Important to remember:
- It is strictly forbidden to leave the animal in the heat in a confined space
- Physical activity in hot weather, even on the street, should be dosed, and in a room without ventilation, it should be minimized.
Heat exhaustion symptoms:
As mentioned above, heat fatigue is the “light version”:
- severe shortness of breath.
Symptoms of heatstroke in a dog:
- massive hypovolemic shock (condition – a cloth at death)
- ataxia (lack of coordination)
- cortical blindness (blindness resulting from poor circulation in the brain)
- vomiting and bloody diarrhea
- hemorrhages on the skin and mucous membranes
Treating heatstroke in a dog
If you experience the above symptoms, it is important to immediately contact your veterinarian. It is advisable to leave the animal in the hospital for observation. Time “H” with heatstroke – 48 hours. This means that animals usually die from heatstroke within two days.
If, for some reason, the clinic cannot be reached quickly …
First aid for heatstroke in a dog:
- move the animal to the shadow
- provide fresh air
- cool: moisten wool and leather with cool water; blowing with a fan; ice packs – on the area of large vessels (neck, groin, armpit); wetting the paw pads with alcohol or vodka.
- cool the animal with ice water – reflexively narrowed vessels will complicate further cooling
- cold water/ice baths – due to the rapid narrowing of peripheral vessels, warm blood will go directly to vital organs, which is contrary to the main goal
- cold water enemas – will make monitoring difficult.
Be sure to measure the temperature! We cool to a rectral temperature of 39.4-40 degrees C, then only monitoring. Because when cooling to normal values (38-39 degrees C), a phenomenon called rebound hypothermia begins, i.e. the temperature will continue to fall uncontrollably and you will have to start the reverse process, that is, heat.

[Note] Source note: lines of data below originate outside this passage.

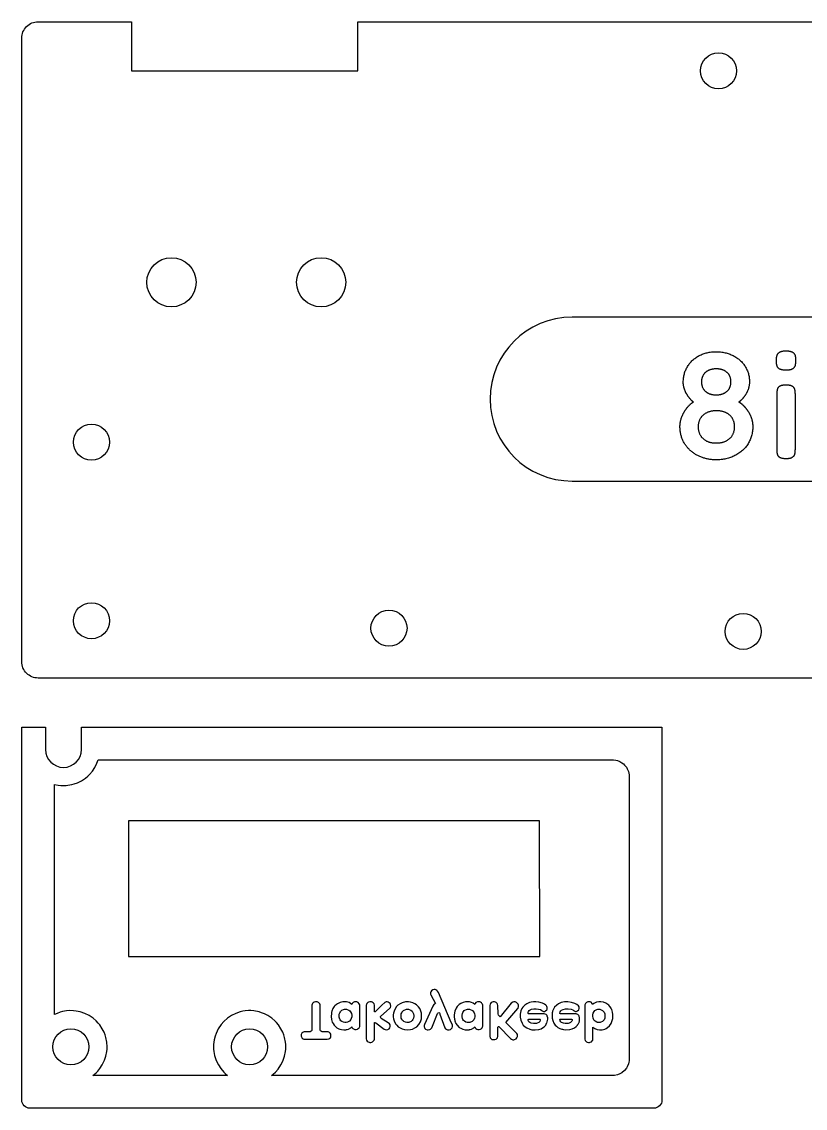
# Model space of a CAD drawing. Extents: x 3 to 102.9, y 3 to 69.3.
# Drawn here: x 3 to 50.8, y 3 to 69.3 of the extents above; entities that cross this region are included whole.
import ezdxf

# ---------------------------------------------------------------- set-up
doc = ezdxf.new("R2010")
doc.units = 0
doc.layers.add('CUT', color=1, linetype='CONTINUOUS')
doc.layers.add('ENGRAVE', color=7, linetype='CONTINUOUS')

msp = doc.modelspace()

# ---------------------------------------------------------------- linework, layer by layer
at = {"layer": 'CUT'}
for points in [[(4, 69.3), (9.7, 69.3), (9.7, 66.3), (23.5, 66.3), (23.5, 69.3), (101.9, 69.3, -0.414214), (102.9, 68.3), (102.9, 30.25, -0.414214), (101.9, 29.25), (4, 29.25, -0.414214), (3, 30.25), (3, 68.3, -0.414214)], [(42.05, 26.25), (42.05, 3.5, -0.414214), (41.55, 3), (3.5, 3, -0.414214), (3, 3.5), (3, 26.25), (4.45, 26.25), (4.45, 24.9, 1), (6.65, 24.9), (6.65, 26.25)]]:
    msp.add_lwpolyline(points, format="xyb", close=True, dxfattribs=at)
for centre, radius in [((45.5, 66.3), 1.1), ((12.13, 53.4), 1.5), ((21.26, 53.4), 1.5), ((7.25, 43.65), 1.1), ((7.25, 32.75), 1.1), ((25.4, 32.3), 1.1), ((47, 32.1), 1.1), ((6, 6.75), 1.1), ((16.9, 6.75), 1.1)]:
    msp.add_circle(centre, radius, dxfattribs=at)
at = {"layer": 'ENGRAVE'}
msp.add_lwpolyline([(57.925, 51.272), (36.566, 51.272), (36.055, 51.2462), (35.5587, 51.1704), (35.0797, 51.0471), (34.6204, 50.8789), (34.1833, 50.6682), (33.7711, 50.4177), (33.3861, 50.1298), (33.031, 49.807), (32.7082, 49.4519), (32.4203, 49.0669), (32.1698, 48.6547), (31.9591, 48.2176), (31.7909, 47.7583), (31.6676, 47.2793), (31.5918, 46.783), (31.566, 46.272), (31.5918, 45.761), (31.6676, 45.2647), (31.7909, 44.7857), (31.9591, 44.3264), (32.1698, 43.8893), (32.4203, 43.4771), (32.7082, 43.0921), (33.031, 42.737), (33.3861, 42.4142), (33.7711, 42.1263), (34.1833, 41.8758), (34.6204, 41.6651), (35.0797, 41.4969), (35.5587, 41.3736), (36.055, 41.2978), (36.566, 41.272), (63.274, 41.272)], dxfattribs=at)
for points in [[(45.34, 42.568), (45.2863, 42.5685), (45.2329, 42.5702), (45.1798, 42.5729), (45.127, 42.5766), (45.0745, 42.5815), (45.0222, 42.5874), (44.9702, 42.5944), (44.9185, 42.6025), (44.8671, 42.6117), (44.8159, 42.6219), (44.7651, 42.6332), (44.7145, 42.6456), (44.6642, 42.6591), (44.6142, 42.6737), (44.5645, 42.6893), (44.515, 42.706), (44.466, 42.7237), (44.4177, 42.7425), (44.3701, 42.7622), (44.3232, 42.7829), (44.2769, 42.8046), (44.2314, 42.8273), (44.1865, 42.851), (44.1423, 42.8757), (44.0987, 42.9015), (44.0559, 42.9282), (44.0137, 42.956), (43.9722, 42.9847), (43.9314, 43.0145), (43.8912, 43.0453), (43.8518, 43.0771), (43.813, 43.11), (43.7751, 43.1436), (43.7381, 43.1781), (43.7022, 43.2135), (43.6673, 43.2497), (43.6334, 43.2868), (43.6005, 43.3247), (43.5686, 43.3636), (43.5378, 43.4032), (43.5079, 43.4438), (43.479, 43.4852), (43.4512, 43.5275), (43.4243, 43.5707), (43.3985, 43.6147), (43.3736, 43.6596), (43.3498, 43.7054), (43.327, 43.752), (43.3054, 43.7992), (43.2851, 43.8472), (43.2663, 43.896), (43.2488, 43.9455), (43.2328, 43.9957), (43.2181, 44.0466), (43.2048, 44.0982), (43.1929, 44.1506), (43.1824, 44.2037), (43.1733, 44.2575), (43.1655, 44.312), (43.1592, 44.3672), (43.1543, 44.4231), (43.1508, 44.4797), (43.1487, 44.537), (43.148, 44.595), (43.1483, 44.626), (43.1492, 44.6569), (43.1506, 44.6876), (43.1527, 44.7182), (43.1553, 44.7486), (43.1585, 44.7788), (43.1623, 44.8089), (43.1666, 44.8387), (43.1716, 44.8685), (43.1771, 44.898), (43.1831, 44.9274), (43.1898, 44.9567), (43.197, 44.9858), (43.2048, 45.0147), (43.2131, 45.0434), (43.222, 45.072), (43.2313, 45.1005), (43.2409, 45.1287), (43.2508, 45.1565), (43.261, 45.1839), (43.2715, 45.211), (43.2822, 45.2377), (43.2932, 45.2641), (43.3045, 45.2901), (43.3161, 45.3158), (43.3279, 45.3411), (43.3401, 45.366), (43.3525, 45.3905), (43.3652, 45.4147), (43.3782, 45.4385), (43.3915, 45.4619), (43.405, 45.485), (43.4187, 45.5079), (43.4326, 45.5304), (43.4465, 45.5525), (43.4605, 45.5742), (43.4745, 45.5956), (43.4887, 45.6166), (43.5029, 45.6372), (43.5173, 45.6575), (43.5316, 45.6774), (43.5461, 45.6969), (43.5606, 45.716), (43.5752, 45.7347), (43.5898, 45.7531), (43.6045, 45.7711), (43.6192, 45.7887), (43.634, 45.806), (43.6489, 45.823), (43.6636, 45.8395), (43.6782, 45.8554), (43.6925, 45.8709), (43.7067, 45.8858), (43.7206, 45.9003), (43.7344, 45.9142), (43.748, 45.9276), (43.7614, 45.9405), (43.7746, 45.953), (43.7877, 45.9649), (43.8005, 45.9763), (43.8132, 45.9872), (43.8256, 45.9976), (43.8379, 46.0076), (43.85, 46.017), (43.8618, 46.0259), (43.8731, 46.0342), (43.8839, 46.042), (43.8943, 46.0492), (43.9042, 46.0559), (43.9136, 46.0619), (43.9226, 46.0674), (43.9311, 46.0724), (43.9392, 46.0767), (43.9468, 46.0805), (43.954, 46.0837), (43.9607, 46.0863), (43.9669, 46.0884), (43.9727, 46.0898), (43.9781, 46.0907), (43.983, 46.091), (43.9794, 46.0913), (43.9756, 46.092), (43.9713, 46.0933), (43.9667, 46.0952), (43.9618, 46.0975), (43.9566, 46.1004), (43.951, 46.1038), (43.9451, 46.1077), (43.9389, 46.1122), (43.9324, 46.1173), (43.9256, 46.1228), (43.9185, 46.129), (43.911, 46.1356), (43.9033, 46.1429), (43.8953, 46.1507), (43.887, 46.159), (43.8783, 46.1678), (43.8694, 46.1769), (43.8603, 46.1863), (43.851, 46.1961), (43.8416, 46.2062), (43.8319, 46.2166), (43.8221, 46.2273), (43.8121, 46.2384), (43.802, 46.2497), (43.7916, 46.2614), (43.7811, 46.2734), (43.7704, 46.2857), (43.7596, 46.2983), (43.7485, 46.3112), (43.7374, 46.3245), (43.726, 46.338), (43.7146, 46.352), (43.7032, 46.3664), (43.6918, 46.3811), (43.6805, 46.3962), (43.6691, 46.4115), (43.6578, 46.4273), (43.6466, 46.4433), (43.6354, 46.4597), (43.6242, 46.4765), (43.613, 46.4936), (43.6019, 46.5111), (43.5909, 46.529), (43.5798, 46.5472), (43.5688, 46.5657), (43.5579, 46.5847), (43.547, 46.604), (43.5363, 46.6236), (43.5258, 46.6434), (43.5155, 46.6633), (43.5055, 46.6835), (43.4958, 46.7038), (43.4863, 46.7243), (43.4771, 46.745), (43.4681, 46.7659), (43.4594, 46.7869), (43.4509, 46.8081), (43.4426, 46.8295), (43.4346, 46.8511), (43.4269, 46.8728), (43.4193, 46.8947), (43.4121, 46.9168), (43.405, 46.939), (43.3983, 46.9614), (43.392, 46.9839), (43.3862, 47.0065), (43.3808, 47.0292), (43.3758, 47.052), (43.3713, 47.0749), (43.3673, 47.098), (43.3636, 47.1211), (43.3604, 47.1444), (43.3576, 47.1677), (43.3553, 47.1912), (43.3534, 47.2148), (43.3519, 47.2384), (43.3508, 47.2622), (43.3502, 47.286), (43.35, 47.31), (43.351, 47.3761), (43.3541, 47.4414), (43.3592, 47.5058), (43.3663, 47.5693), (43.3755, 47.632), (43.3867, 47.6938), (43.4, 47.7547), (43.4153, 47.8147), (43.4326, 47.8739), (43.452, 47.9323), (43.4734, 47.9897), (43.4968, 48.0463), (43.5223, 48.102), (43.5498, 48.1569), (43.5794, 48.2109), (43.611, 48.264), (43.6445, 48.3161), (43.6795, 48.3668), (43.716, 48.4161), (43.7539, 48.4639), (43.7932, 48.5102), (43.834, 48.5551), (43.8763, 48.5986), (43.92, 48.6406), (43.9652, 48.6812), (44.0118, 48.7203), (44.0599, 48.758), (44.1094, 48.7943), (44.1604, 48.8291), (44.2128, 48.8625), (44.2667, 48.8945), (44.322, 48.925), (44.3787, 48.9539), (44.4363, 48.9809), (44.4949, 49.006), (44.5543, 49.0293), (44.6147, 49.0507), (44.676, 49.0702), (44.7382, 49.0878), (44.8014, 49.1036), (44.8654, 49.1176), (44.9304, 49.1296), (44.9964, 49.1398), (45.0632, 49.1482), (45.131, 49.1547), (45.1997, 49.1593), (45.2694, 49.1621), (45.34, 49.163), (45.413, 49.1621), (45.485, 49.1593), (45.5561, 49.1547), (45.6261, 49.1482), (45.6952, 49.1398), (45.7633, 49.1296), (45.8305, 49.1176), (45.8966, 49.1036), (45.9618, 49.0878), (46.026, 49.0702), (46.0893, 49.0507), (46.1515, 49.0293), (46.2129, 49.006), (46.2732, 48.9809), (46.3326, 48.9539), (46.391, 48.925), (46.448, 48.8945), (46.5035, 48.8627), (46.5575, 48.8294), (46.61, 48.7949), (46.6609, 48.7589), (46.7103, 48.7217), (46.7582, 48.683), (46.8046, 48.643), (46.8495, 48.6016), (46.8928, 48.5589), (46.9345, 48.5148), (46.9747, 48.4694), (47.0134, 48.4226), (47.0505, 48.3744), (47.086, 48.3249), (47.12, 48.274), (47.1522, 48.2218), (47.1822, 48.1687), (47.2103, 48.1146), (47.2362, 48.0597), (47.2601, 48.0038), (47.2819, 47.947), (47.3017, 47.8894), (47.3194, 47.8307), (47.335, 47.7712), (47.3485, 47.7108), (47.36, 47.6494), (47.3693, 47.5872), (47.3766, 47.524), (47.3818, 47.4599), (47.385, 47.3949), (47.386, 47.329), (47.3857, 47.2958), (47.3846, 47.2629), (47.3829, 47.2304), (47.3806, 47.1983), (47.3775, 47.1665), (47.3738, 47.135), (47.3693, 47.1038), (47.3642, 47.073), (47.3585, 47.0425), (47.352, 47.0123), (47.3449, 46.9825), (47.3371, 46.953), (47.3286, 46.9238), (47.3194, 46.8949), (47.3095, 46.8663), (47.299, 46.838), (47.288, 46.8101), (47.2766, 46.7827), (47.265, 46.7557), (47.2531, 46.7292), (47.2409, 46.7032), (47.2284, 46.6777), (47.2156, 46.6526), (47.2025, 46.628), (47.1891, 46.6039), (47.1755, 46.5802), (47.1616, 46.557), (47.1474, 46.5343), (47.133, 46.512), (47.1182, 46.4902), (47.1032, 46.4689), (47.088, 46.448), (47.0725, 46.4277), (47.0573, 46.4079), (47.0422, 46.3887), (47.0272, 46.3702), (47.0125, 46.3521), (46.998, 46.3347), (46.9837, 46.3178), (46.9695, 46.3015), (46.9555, 46.2857), (46.9417, 46.2706), (46.9282, 46.2559), (46.9147, 46.2418), (46.9015, 46.2283), (46.8885, 46.2153), (46.8757, 46.2029), (46.863, 46.191), (46.8507, 46.1799), (46.839, 46.1694), (46.8279, 46.1596), (46.8173, 46.1505), (46.8072, 46.142), (46.7978, 46.1341), (46.7889, 46.1269), (46.7806, 46.1204), (46.7729, 46.1145), (46.7657, 46.1092), (46.7592, 46.1046), (46.7532, 46.1006), (46.7478, 46.0972), (46.7429, 46.0945), (46.7387, 46.0924), (46.735, 46.091), (46.7397, 46.0907), (46.7449, 46.0898), (46.7506, 46.0884), (46.7568, 46.0863), (46.7634, 46.0837), (46.7705, 46.0805), (46.7781, 46.0767), (46.7861, 46.0724), (46.7947, 46.0674), (46.8037, 46.0619), (46.8132, 46.0559), (46.8232, 46.0492), (46.8336, 46.042), (46.8446, 46.0342), (46.8561, 46.0259), (46.868, 46.017), (46.8801, 46.0076), (46.8924, 45.9977), (46.905, 45.9873), (46.9177, 45.9765), (46.9307, 45.9652), (46.9438, 45.9535), (46.9573, 45.9413), (46.9709, 45.9286), (46.9847, 45.9155), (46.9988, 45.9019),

In the first 12-24 hours, the temperature is measured hourly – until the thermometer three times in a row shows normal and at the same time the same indicators. Next – a thermometer in the ass every 4 hours.
First aid provided does not cancel a visit to the doctor!
Heatstroke/heat exhaustion effects:
- multiple organ failure
- renal failure.
What to do to prevent heat stroke in a dog:
- If it’s hot outside and your dog is very active, take plenty of water with you for a walk and control your pet’s well-being.
- All active rest, in which your animal keeps you company – bicycle, running, roller skates, etc. – transfer to a cooler time of the day. This also applies to training with a dog handler.
- Regularly ventilate the room where the animal is, do not allow active games where there is no ventilation and it is too hot.
- I don’t think I need to tell you that it is absolutely forbidden to leave an animal in a closed car?
- Owners of brachycephalic breeds (bulldogs, Pekingese, pugs, etc.) are strongly advised to talk to their doctor about “why brachycephalic syndrome is dangerous.”